◆ Your objective ◆
Restrict the output to the lines below starting at the one that contains "line L19 (-11, -24.74)" and ending at the one that contains "line L25 (8.2517, 3.44) -> (8.2517, -3.44)", and restate them word for word, both ends included.
[Extracted information — start]
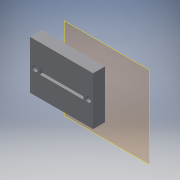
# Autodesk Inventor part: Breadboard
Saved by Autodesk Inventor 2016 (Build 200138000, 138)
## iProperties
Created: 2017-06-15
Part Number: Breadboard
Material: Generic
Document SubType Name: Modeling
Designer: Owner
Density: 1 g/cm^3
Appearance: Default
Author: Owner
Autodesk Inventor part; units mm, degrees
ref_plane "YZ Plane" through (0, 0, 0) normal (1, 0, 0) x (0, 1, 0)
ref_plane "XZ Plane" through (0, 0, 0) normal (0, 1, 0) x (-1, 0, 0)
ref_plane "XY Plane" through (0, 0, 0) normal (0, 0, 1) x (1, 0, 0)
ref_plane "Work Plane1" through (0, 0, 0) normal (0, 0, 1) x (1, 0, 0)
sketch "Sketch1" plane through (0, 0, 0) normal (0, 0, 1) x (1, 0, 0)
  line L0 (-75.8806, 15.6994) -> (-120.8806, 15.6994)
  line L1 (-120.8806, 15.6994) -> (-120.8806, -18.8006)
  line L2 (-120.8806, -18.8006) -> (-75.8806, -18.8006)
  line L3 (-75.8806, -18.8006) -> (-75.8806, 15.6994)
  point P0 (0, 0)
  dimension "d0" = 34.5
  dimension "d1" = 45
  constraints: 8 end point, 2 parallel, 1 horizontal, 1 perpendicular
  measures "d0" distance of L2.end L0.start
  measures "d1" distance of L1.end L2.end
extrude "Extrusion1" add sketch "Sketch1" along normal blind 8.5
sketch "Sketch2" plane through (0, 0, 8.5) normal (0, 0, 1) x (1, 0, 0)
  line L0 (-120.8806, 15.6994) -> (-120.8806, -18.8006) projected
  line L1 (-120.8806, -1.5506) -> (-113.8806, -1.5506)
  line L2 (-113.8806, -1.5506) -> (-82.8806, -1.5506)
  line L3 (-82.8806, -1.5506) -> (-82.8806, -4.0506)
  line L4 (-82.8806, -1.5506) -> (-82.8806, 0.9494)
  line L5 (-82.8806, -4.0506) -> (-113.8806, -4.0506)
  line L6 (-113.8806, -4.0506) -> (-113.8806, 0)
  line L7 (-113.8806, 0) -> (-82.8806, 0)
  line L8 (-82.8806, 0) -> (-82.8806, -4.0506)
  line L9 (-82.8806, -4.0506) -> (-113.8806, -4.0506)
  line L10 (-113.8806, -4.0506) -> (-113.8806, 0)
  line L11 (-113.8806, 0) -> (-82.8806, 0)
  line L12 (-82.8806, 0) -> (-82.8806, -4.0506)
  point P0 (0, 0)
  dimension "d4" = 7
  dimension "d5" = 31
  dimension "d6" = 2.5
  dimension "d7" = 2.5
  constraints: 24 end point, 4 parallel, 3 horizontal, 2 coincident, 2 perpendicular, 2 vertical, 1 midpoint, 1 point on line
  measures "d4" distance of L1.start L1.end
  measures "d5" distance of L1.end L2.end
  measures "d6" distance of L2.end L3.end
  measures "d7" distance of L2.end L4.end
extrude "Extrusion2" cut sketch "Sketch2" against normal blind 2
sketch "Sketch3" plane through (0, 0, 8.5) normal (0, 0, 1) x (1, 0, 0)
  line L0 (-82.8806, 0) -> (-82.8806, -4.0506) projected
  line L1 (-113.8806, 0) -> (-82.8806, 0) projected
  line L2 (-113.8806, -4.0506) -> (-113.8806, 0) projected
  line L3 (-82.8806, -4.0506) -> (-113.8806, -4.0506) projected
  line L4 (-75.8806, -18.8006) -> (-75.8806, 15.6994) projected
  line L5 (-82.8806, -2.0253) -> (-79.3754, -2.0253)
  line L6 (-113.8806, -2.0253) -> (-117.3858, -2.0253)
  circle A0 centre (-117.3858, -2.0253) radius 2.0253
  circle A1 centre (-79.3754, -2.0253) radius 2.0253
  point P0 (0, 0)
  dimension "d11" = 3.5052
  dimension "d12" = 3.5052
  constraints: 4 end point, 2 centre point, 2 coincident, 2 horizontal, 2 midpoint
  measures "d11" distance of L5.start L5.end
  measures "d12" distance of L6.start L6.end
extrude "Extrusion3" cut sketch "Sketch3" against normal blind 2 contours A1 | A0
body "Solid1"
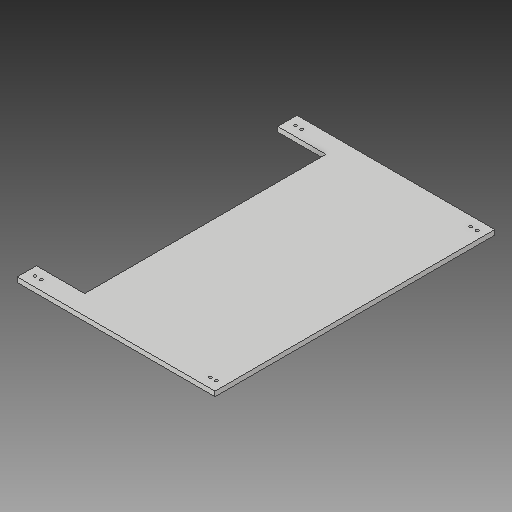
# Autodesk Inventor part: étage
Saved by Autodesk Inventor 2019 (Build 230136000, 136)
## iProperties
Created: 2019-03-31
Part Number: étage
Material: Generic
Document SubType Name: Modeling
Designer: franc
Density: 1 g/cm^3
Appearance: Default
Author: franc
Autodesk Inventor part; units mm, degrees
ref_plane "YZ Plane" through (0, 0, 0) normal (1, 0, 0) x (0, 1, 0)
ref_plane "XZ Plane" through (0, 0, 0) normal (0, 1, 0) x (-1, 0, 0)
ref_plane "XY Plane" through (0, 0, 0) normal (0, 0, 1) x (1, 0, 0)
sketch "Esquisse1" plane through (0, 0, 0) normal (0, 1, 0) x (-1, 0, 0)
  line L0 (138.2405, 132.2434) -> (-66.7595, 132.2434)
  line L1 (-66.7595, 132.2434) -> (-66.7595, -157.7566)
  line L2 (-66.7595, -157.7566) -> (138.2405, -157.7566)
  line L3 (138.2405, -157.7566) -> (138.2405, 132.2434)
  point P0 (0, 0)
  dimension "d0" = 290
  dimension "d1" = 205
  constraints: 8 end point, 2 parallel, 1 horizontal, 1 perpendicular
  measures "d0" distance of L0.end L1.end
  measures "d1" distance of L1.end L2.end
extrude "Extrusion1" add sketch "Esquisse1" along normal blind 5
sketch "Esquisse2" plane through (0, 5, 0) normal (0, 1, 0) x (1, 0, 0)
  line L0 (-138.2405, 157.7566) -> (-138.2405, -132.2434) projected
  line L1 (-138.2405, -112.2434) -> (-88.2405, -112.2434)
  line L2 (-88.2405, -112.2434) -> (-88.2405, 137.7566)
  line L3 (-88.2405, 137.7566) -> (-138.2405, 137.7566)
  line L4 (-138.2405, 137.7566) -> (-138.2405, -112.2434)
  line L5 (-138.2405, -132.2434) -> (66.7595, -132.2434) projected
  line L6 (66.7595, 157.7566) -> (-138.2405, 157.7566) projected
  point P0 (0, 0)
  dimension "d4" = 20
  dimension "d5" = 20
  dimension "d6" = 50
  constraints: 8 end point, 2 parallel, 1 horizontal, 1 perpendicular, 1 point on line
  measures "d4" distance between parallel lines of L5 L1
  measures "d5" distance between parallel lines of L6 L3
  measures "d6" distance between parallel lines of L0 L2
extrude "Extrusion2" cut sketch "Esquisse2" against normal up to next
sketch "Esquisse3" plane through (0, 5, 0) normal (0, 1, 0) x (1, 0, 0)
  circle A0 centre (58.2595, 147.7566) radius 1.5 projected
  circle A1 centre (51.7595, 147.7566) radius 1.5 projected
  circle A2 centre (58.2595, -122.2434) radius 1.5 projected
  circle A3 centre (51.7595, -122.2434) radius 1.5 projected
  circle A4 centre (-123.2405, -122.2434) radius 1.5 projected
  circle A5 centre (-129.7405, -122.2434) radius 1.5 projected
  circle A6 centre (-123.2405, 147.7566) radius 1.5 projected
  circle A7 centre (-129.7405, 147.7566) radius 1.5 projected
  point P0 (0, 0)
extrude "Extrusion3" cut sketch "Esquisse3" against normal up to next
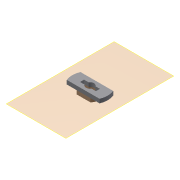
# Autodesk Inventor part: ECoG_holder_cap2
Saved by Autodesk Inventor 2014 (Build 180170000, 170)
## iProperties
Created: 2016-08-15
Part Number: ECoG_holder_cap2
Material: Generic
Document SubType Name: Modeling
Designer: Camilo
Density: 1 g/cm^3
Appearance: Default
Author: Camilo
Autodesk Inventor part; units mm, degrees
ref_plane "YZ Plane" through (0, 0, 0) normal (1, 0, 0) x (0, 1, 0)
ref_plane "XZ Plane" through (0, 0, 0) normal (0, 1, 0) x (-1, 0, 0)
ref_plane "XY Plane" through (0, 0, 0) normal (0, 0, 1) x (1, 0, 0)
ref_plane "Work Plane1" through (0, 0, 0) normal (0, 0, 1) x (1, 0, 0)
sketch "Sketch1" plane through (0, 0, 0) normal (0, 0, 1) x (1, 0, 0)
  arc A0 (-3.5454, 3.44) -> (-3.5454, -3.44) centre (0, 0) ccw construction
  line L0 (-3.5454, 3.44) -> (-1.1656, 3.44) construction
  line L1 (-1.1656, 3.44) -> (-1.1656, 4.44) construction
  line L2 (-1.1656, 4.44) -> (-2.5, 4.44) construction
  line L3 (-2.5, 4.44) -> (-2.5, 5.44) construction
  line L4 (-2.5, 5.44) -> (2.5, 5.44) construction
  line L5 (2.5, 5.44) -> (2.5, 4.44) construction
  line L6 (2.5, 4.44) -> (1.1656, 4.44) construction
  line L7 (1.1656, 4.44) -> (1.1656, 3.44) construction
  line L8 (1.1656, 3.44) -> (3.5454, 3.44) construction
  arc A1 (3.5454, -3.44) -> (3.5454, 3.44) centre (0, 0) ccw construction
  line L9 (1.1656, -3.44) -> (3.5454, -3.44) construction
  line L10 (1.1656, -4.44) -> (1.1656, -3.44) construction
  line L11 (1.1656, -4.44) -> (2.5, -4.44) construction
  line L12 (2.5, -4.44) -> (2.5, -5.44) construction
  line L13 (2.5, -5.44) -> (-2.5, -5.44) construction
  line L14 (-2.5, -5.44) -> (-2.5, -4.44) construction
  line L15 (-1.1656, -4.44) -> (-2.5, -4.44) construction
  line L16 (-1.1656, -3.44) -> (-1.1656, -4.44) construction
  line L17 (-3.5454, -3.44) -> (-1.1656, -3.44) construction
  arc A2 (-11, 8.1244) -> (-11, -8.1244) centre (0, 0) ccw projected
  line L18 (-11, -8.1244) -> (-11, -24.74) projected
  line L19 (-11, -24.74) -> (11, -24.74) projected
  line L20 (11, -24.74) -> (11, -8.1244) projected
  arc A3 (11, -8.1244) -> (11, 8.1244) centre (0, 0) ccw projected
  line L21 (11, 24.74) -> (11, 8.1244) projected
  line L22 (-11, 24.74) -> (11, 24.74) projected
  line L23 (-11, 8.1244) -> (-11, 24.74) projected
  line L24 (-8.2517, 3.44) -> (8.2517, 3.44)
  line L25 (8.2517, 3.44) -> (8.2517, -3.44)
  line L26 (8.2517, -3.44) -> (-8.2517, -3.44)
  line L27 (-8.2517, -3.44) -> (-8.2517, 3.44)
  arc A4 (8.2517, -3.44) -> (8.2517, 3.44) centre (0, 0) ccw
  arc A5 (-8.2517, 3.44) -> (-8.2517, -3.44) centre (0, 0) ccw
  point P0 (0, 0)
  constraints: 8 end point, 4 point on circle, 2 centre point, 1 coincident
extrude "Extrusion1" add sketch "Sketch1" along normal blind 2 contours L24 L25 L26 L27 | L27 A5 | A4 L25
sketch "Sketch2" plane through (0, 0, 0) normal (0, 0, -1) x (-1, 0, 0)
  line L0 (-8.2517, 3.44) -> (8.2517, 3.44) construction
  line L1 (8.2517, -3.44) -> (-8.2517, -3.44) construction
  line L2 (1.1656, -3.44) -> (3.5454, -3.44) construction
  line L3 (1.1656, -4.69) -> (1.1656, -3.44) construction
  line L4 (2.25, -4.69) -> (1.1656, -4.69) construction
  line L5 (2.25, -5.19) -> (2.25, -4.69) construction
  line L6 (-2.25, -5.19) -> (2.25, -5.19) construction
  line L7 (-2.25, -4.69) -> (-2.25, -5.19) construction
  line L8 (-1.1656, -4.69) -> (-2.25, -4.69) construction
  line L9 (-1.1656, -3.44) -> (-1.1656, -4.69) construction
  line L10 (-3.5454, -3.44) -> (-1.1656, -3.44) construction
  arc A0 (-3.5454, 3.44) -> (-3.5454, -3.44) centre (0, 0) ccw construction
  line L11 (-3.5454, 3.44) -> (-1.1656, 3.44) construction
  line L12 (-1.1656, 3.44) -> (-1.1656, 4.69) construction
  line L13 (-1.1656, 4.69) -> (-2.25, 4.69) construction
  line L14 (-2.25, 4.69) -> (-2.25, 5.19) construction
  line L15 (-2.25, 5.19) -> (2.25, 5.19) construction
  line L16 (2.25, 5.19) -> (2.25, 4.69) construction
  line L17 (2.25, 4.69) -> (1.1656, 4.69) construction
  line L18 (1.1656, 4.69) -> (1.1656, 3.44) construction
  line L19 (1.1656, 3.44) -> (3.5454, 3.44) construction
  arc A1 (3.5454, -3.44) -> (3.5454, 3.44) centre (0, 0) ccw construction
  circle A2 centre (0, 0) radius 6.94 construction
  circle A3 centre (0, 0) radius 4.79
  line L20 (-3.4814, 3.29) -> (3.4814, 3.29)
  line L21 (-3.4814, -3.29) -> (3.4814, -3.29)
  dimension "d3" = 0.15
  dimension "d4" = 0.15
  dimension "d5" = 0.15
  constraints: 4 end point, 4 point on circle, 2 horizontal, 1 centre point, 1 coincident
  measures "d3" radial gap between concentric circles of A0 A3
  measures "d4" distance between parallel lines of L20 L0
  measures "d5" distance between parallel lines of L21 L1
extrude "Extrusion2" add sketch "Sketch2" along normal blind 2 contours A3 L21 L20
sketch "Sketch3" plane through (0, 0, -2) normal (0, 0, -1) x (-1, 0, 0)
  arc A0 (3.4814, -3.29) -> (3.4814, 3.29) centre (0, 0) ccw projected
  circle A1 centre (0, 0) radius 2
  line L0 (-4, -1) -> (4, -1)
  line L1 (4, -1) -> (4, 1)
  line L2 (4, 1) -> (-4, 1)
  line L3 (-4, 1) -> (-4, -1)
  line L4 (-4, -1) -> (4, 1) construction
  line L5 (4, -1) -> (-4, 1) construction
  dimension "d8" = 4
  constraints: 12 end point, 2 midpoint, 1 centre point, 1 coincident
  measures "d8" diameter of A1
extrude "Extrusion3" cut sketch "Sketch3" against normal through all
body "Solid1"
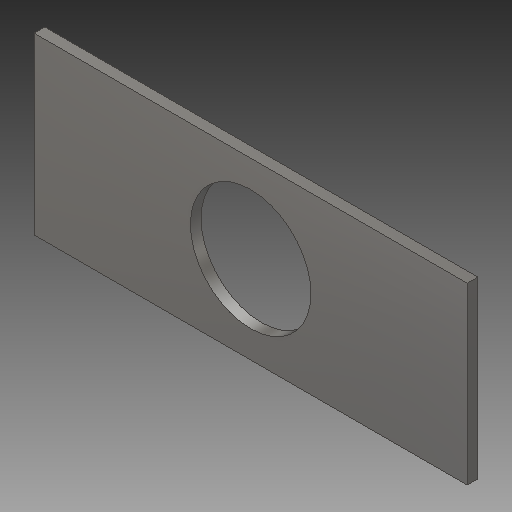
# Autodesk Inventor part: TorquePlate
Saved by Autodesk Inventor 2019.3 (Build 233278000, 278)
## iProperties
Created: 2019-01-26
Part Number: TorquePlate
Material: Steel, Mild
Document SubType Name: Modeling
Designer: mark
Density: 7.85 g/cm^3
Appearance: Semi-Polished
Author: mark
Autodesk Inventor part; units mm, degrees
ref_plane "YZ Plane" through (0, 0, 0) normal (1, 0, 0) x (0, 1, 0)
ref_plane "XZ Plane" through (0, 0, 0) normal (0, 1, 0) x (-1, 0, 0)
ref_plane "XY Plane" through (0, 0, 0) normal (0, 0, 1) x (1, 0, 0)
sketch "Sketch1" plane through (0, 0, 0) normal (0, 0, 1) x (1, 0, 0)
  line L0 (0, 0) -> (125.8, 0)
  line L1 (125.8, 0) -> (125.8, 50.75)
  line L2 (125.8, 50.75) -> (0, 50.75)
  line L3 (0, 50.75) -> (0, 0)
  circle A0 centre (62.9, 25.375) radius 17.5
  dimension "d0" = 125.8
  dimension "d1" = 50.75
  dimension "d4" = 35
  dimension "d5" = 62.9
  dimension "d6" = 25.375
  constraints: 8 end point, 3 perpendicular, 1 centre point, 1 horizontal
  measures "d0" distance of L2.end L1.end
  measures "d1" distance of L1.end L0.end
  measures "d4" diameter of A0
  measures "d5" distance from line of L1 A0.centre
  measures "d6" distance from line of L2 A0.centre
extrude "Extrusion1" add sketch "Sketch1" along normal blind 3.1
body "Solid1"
[Extracted information — finish]
◆ Result ◆
  line L19 (-11, -24.74) -> (11, -24.74) projected
  line L20 (11, -24.74) -> (11, -8.1244) projected
  arc A3 (11, -8.1244) -> (11, 8.1244) centre (0, 0) ccw projected
  line L21 (11, 24.74) -> (11, 8.1244) projected
  line L22 (-11, 24.74) -> (11, 24.74) projected
  line L23 (-11, 8.1244) -> (-11, 24.74) projected
  line L24 (-8.2517, 3.44) -> (8.2517, 3.44)
  line L25 (8.2517, 3.44) -> (8.2517, -3.44)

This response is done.